とにかく、声色を使い分け、鬼気迫る演技力で、身振り手振りで話したり、叫んだりしながら、王女をつれまわしている。まあ、城の案内というよりは怪談めぐりみたいな感じだろうな」


「……おい、うちの城は、そんなに幽霊がいるのか?」


 本当なら大問題だ。

 万が一、お茶会の時にアリスが目撃して、泣いたりしたらどうしてくれる!?

 すぐに、除霊を学ぶしかない……。


 などと、考えをめぐらせていると、ウルスが大きなため息をついた。


「まあ、古い城だから、噂のひとつやふたつはある。が、それも昔からあるものだ。実際、俺は見た人間を知らない。もちろん、俺自身も見たことがない。フィリップもないだろう。それに、生卵の白身だけを食べる幽霊ってなんだよ? それって、フィリップが白身が嫌いだから、いたらいいなっていう願望だろう……」


「じゃあ、全部、兄上の嘘なのか?」


「まあ、嘘といえば、完全に嘘だな。フィリップが即興で話を作りながら、しゃべっているんだろう。

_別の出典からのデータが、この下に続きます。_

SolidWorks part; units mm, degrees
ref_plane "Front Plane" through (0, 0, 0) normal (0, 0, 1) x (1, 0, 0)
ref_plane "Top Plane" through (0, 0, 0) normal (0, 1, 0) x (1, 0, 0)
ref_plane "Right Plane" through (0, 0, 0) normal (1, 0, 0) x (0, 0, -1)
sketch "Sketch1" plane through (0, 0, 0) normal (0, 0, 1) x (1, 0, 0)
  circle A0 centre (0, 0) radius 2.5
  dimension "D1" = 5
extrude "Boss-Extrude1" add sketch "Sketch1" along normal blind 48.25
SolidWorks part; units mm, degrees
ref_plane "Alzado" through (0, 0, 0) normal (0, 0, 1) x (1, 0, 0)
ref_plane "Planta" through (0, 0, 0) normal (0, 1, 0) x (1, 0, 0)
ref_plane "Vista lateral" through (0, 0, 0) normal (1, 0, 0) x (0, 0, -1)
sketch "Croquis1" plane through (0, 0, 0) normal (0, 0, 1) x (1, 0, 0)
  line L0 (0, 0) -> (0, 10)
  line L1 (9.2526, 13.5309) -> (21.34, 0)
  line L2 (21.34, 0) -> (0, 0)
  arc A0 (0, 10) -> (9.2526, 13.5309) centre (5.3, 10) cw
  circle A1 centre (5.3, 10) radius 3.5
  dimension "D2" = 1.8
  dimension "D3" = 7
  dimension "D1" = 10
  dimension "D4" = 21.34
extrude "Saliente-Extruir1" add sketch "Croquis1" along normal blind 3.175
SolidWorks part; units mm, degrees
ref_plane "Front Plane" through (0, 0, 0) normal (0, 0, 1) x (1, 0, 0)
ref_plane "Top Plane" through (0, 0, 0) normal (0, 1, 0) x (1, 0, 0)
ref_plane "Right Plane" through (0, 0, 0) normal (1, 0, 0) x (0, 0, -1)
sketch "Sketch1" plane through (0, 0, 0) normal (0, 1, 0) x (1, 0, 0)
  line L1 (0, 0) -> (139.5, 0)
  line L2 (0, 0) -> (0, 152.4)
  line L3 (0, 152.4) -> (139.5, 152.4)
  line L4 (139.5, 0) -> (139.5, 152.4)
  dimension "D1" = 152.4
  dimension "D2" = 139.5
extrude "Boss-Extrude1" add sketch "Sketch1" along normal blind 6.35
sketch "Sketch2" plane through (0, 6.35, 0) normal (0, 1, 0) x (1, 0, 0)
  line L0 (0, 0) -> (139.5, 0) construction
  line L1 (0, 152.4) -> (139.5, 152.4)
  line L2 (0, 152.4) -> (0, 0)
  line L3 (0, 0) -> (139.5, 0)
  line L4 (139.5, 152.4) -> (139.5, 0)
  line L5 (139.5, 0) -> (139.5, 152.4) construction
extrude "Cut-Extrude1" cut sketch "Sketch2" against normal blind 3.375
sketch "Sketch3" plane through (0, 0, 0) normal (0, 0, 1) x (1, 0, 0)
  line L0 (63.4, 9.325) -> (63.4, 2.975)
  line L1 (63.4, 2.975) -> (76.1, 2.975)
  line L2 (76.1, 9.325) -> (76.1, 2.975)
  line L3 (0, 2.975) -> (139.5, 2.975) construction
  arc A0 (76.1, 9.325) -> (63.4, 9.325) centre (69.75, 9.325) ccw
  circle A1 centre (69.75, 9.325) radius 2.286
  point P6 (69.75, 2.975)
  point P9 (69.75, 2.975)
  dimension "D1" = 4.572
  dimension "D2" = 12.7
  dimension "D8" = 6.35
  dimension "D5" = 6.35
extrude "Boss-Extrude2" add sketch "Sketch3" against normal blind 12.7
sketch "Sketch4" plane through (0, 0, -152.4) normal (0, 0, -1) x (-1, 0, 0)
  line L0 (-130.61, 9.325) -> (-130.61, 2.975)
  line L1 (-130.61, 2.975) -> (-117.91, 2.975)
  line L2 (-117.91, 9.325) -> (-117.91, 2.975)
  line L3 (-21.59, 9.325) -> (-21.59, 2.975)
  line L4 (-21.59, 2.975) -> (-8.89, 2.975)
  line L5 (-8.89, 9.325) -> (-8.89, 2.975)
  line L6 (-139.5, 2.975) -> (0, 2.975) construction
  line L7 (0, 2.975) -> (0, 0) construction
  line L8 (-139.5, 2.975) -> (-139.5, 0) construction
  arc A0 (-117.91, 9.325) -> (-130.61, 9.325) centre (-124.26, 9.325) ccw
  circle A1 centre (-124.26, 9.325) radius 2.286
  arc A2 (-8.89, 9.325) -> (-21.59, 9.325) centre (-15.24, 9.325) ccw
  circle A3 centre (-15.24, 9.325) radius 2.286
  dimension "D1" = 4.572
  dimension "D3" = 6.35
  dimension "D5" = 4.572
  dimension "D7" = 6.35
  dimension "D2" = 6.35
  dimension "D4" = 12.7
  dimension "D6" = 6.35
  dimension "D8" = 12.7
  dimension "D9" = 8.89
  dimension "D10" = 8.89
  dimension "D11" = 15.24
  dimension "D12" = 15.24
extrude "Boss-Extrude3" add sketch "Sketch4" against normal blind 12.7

なんというか、役者になったほうがいいんじゃないかっていうくらい、しゃべりはうまい。その能力の使い方が、王太子としては完全におかしいだけなんだよな……。そうか。こういうところが、ルイスの菓子作りと同じに思えるのか。さすが、兄弟だ。まあ、王女は相当おびえていたようだから、こんな危ない城に住むルイスにはもう絡んでこないと思うぞ」


 そう言いながら、菓子の入った袋をしっかり抱えて、ウルスは立ち去って行った。


 何故、俺の菓子作りがそこに並び立つのか、まるでわからない。

 が、まあ、兄上が嫌がっていないのなら良かった……。


 とりあえず、今日の晩餐会だけ無難にのりこえられたら、あとは、明日のアリスとのお茶会が待っている。


 全部、兄上のおかげだ。

 お礼に、明日は、木の実の焼き菓子のほかに、兄上の好きな塩味のクッキーも作って渡すことにしよう。